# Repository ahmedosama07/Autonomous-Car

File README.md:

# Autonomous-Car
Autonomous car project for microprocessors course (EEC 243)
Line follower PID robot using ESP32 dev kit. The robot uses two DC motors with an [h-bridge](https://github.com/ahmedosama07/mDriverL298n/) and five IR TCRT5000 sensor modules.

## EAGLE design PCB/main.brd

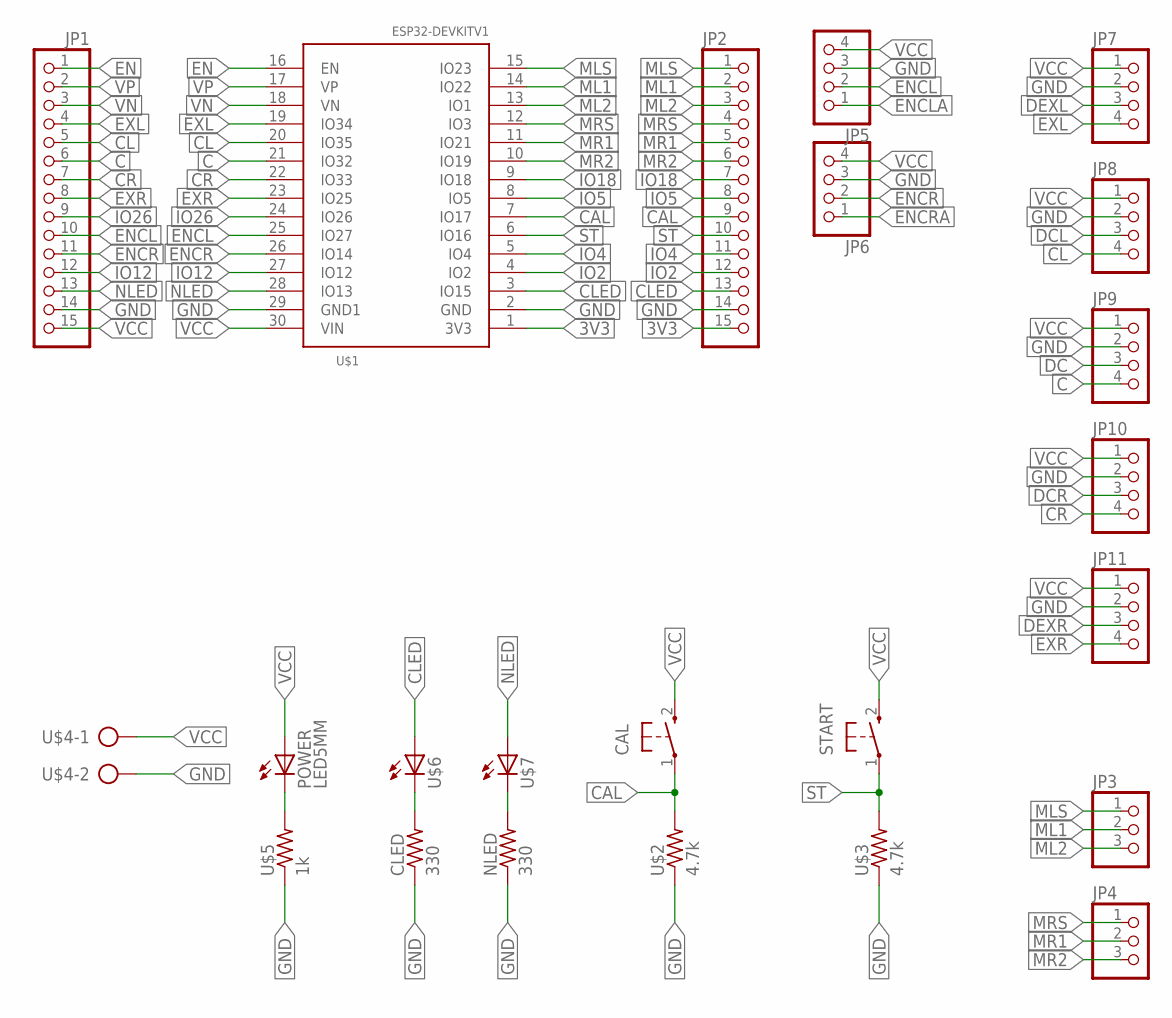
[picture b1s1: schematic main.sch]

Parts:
CAL: PUSH_BUTTON; B3F-10XX
CLED: 330; 0204/7
JP1, JP2: PINHD-1X15; 1X15
JP3, JP4: PINHD-1X3; 1X03
JP5, JP6, JP7, JP8, JP9, JP10, JP11: PINHD-1X4; 1X04
NLED: 330; 0204/7
POWER: LED5MM
START: PUSH_BUTTON; B3F-10XX
U$1: ESP32DEVKITV1; ESP32-DEVKITV1
U$2, U$3: 4.7k; 0204/7
U$4: CON_PTR_2(V_2); AK300/2
U$5: 1k; 0204/7
U$6, U$7: LED5MM

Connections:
3V3: JP2.15, U$1.1 (3V3)
C: JP1.6, JP9.4, U$1.21 (IO32)
CAL: CAL.1, JP2.9, U$1.7 (IO17), U$2.2
CL: JP1.5, JP8.4, U$1.20 (IO35)
CLED: JP2.13, U$1.3 (IO15), U$6.A
CR: JP1.7, JP10.4, U$1.22 (IO33)
DC: JP9.3
DCL: JP8.3
DCR: JP10.3
DEXL: JP7.3
DEXR: JP11.3
EN: JP1.1, U$1.16 (EN)
ENCL: JP1.10, JP5.2, U$1.25 (IO27)
ENCLA: JP5.1
ENCR: JP1.11, JP6.2, U$1.26 (IO14)
ENCRA: JP6.1
EXL: JP1.4, JP7.4, U$1.19 (IO34)
EXR: JP1.8, JP11.4, U$1.23 (IO25)
GND: CLED.1, JP1.14, JP2.14, JP5.3, JP6.3, JP7.2, JP8.2, JP9.2, JP10.2, JP11.2, NLED.1, U$1.2 (GND), U$1.29 (GND1), U$2.1, U$3.1, U$4.2, U$5.1
IO2: JP2.12, U$1.4 (IO2)
IO4: JP2.11, U$1.5 (IO4)
IO5: JP2.8, U$1.8 (IO5)
IO12: JP1.12, U$1.27 (IO12)
IO18: JP2.7, U$1.9 (IO18)
IO26: JP1.9, U$1.24 (IO26)
ML1: JP2.2, JP3.2, U$1.14 (IO22)
ML2: JP2.3, JP3.3, U$1.13 (IO1)
MLS: JP2.1, JP3.1, U$1.15 (IO23)
MR1: JP2.5, JP4.2, U$1.11 (IO21)
MR2: JP2.6, JP4.3, U$1.10 (IO19)
MRS: JP2.4, JP4.1, U$1.12 (IO3)
unnamed: POWER.K (C), U$5.2
unnamed: CLED.2, U$6.K (C)
unnamed: NLED.2, U$7.K (C)
NLED: JP1.13, U$1.28 (IO13), U$7.A
ST: JP2.10, START.1, U$1.6 (IO16), U$3.2
VCC: CAL.2 (S), JP1.15, JP5.4, JP6.4, JP7.1, JP8.1, JP9.1, JP10.1, JP11.1, POWER.A, START.2 (S), U$1.30 (VIN), U$4.1
VN: JP1.3, U$1.18 (VN)
VP: JP1.2, U$1.17 (VP)

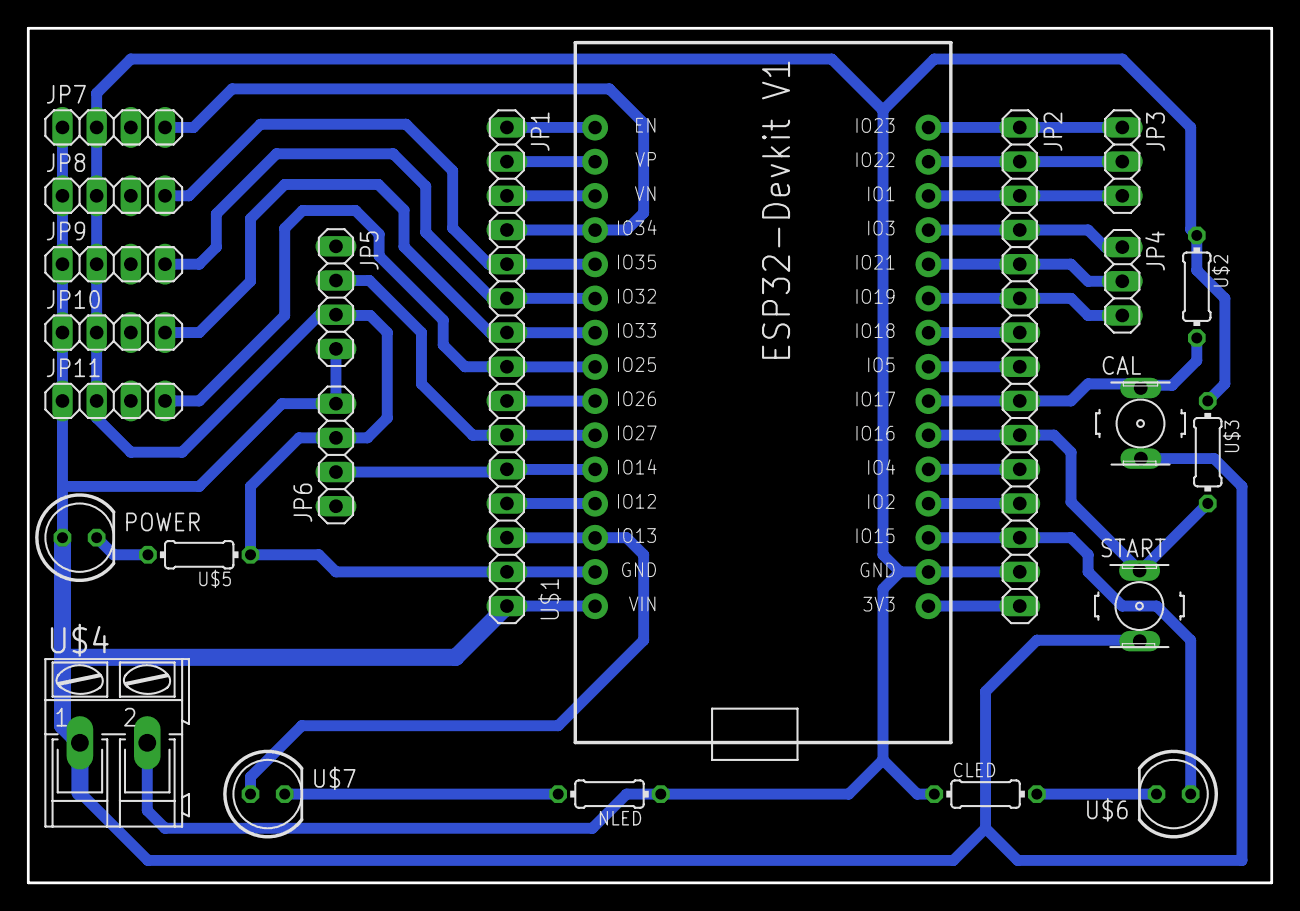
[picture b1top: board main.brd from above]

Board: 2 copper layers, 92.4 x 63.5 mm, 23 parts (0 on the bottom side), 32 nets.

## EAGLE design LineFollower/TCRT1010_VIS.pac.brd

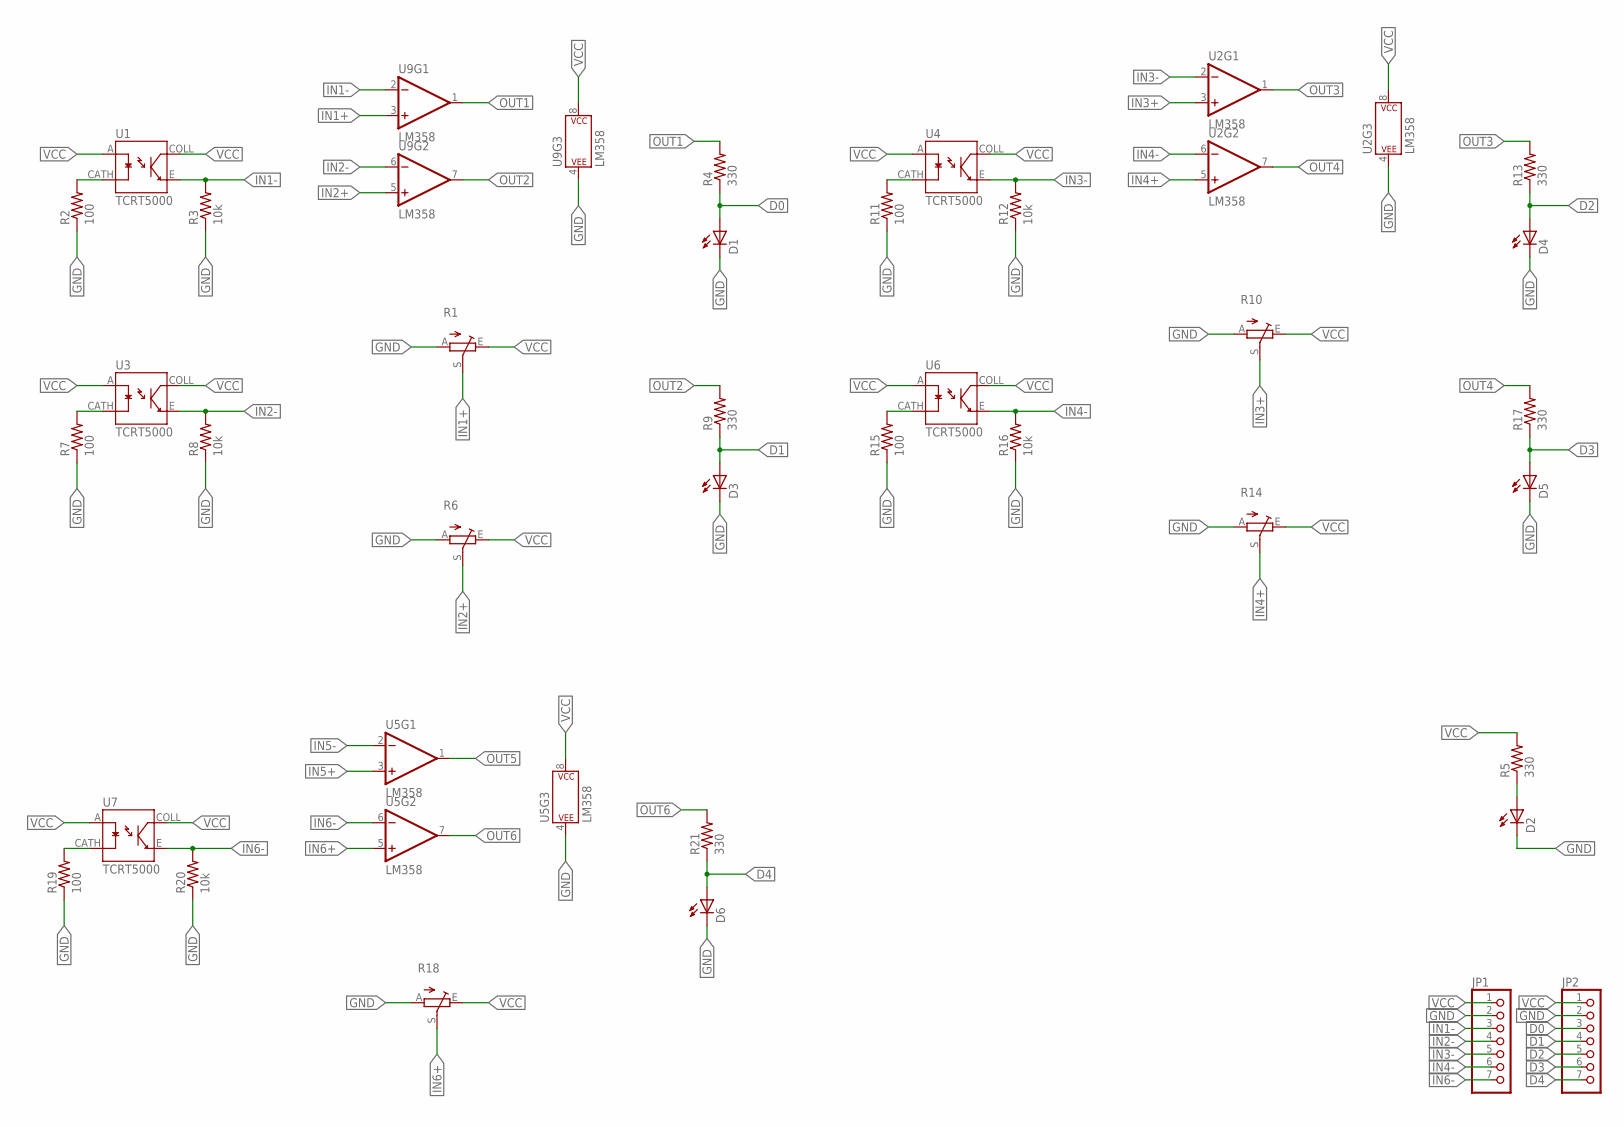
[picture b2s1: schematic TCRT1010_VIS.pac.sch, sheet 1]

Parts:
D1, D2, D3, D4, D5, D6: LED5MM
JP1, JP2: PINHD-1X7; 1X07
R1, R6, R10, R14, R18: TRIM_EU-CA6V; CA6V
R2, R7, R11, R15, R19: 100; 0204/7
R3, R8, R12, R16, R20: 10k; 0204/7
R4, R5, R9, R13, R17, R21: 330; 0204/7
U1, U3, U4, U6, U7: TCRT5000; OPTO_TCRT5000
U2, U5, U9: LM358; DIP08

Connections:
D0: D1.A, JP2.3, R4.1
D1: D3.A, JP2.4, R9.1
D2: D4.A, JP2.5, R13.1
D3: D5.A, JP2.6, R17.1
D4: D6.A, JP2.7, R21.1
GND: D1.K (C), D2.K (C), D3.K (C), D4.K (C), D5.K (C), D6.K (C), JP1.2, JP2.2, R1.A, R2.1, R3.1, R6.A, R7.1, R8.1, R10.A, R11.1, R12.1, R14.A, R15.1, R16.1, R18.A, R19.1, R20.1, U2.4 (P$V-), U5.4 (P$V-), U9.4 (P$V-)
IN1+: R1.S, U9.3 (+IN)
IN1-: JP1.3, R3.2, U1.E, U9.2 (-IN)
IN2+: R6.S, U9.5 (+IN)
IN2-: JP1.4, R8.2, U3.E, U9.6 (-IN)
IN3+: R10.S, U2.3 (+IN)
IN3-: JP1.5, R12.2, U2.2 (-IN), U4.E
IN4+: R14.S, U2.5 (+IN)
IN4-: JP1.6, R16.2, U2.6 (-IN), U6.E
IN5+: U5.3 (+IN)
IN5-: U5.2 (-IN)
IN6+: R18.S, U5.5 (+IN)
IN6-: JP1.7, R20.2, U5.6 (-IN), U7.E
unnamed: R2.2, U1.CATH
unnamed: D2.A, R5.1
unnamed: R7.2, U3.CATH
unnamed: R11.2, U4.CATH
unnamed: R15.2, U6.CATH
unnamed: R19.2, U7.CATH
OUT1: R4.2, U9.1 (OUT)
OUT2: R9.2, U9.7 (OUT)
OUT3: R13.2, U2.1 (OUT)
OUT4: R17.2, U2.7 (OUT)
OUT5: U5.1 (OUT)
OUT6: R21.2, U5.7 (OUT)
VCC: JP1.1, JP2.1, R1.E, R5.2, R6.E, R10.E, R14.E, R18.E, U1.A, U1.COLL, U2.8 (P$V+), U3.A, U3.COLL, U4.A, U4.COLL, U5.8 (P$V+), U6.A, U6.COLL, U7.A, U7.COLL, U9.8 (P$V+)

→ **EXERCISE GOAL**: Give the number of lines above that hold "schematic", with no other words.

→ **RESPONSE TO THE EXERCISE**: 2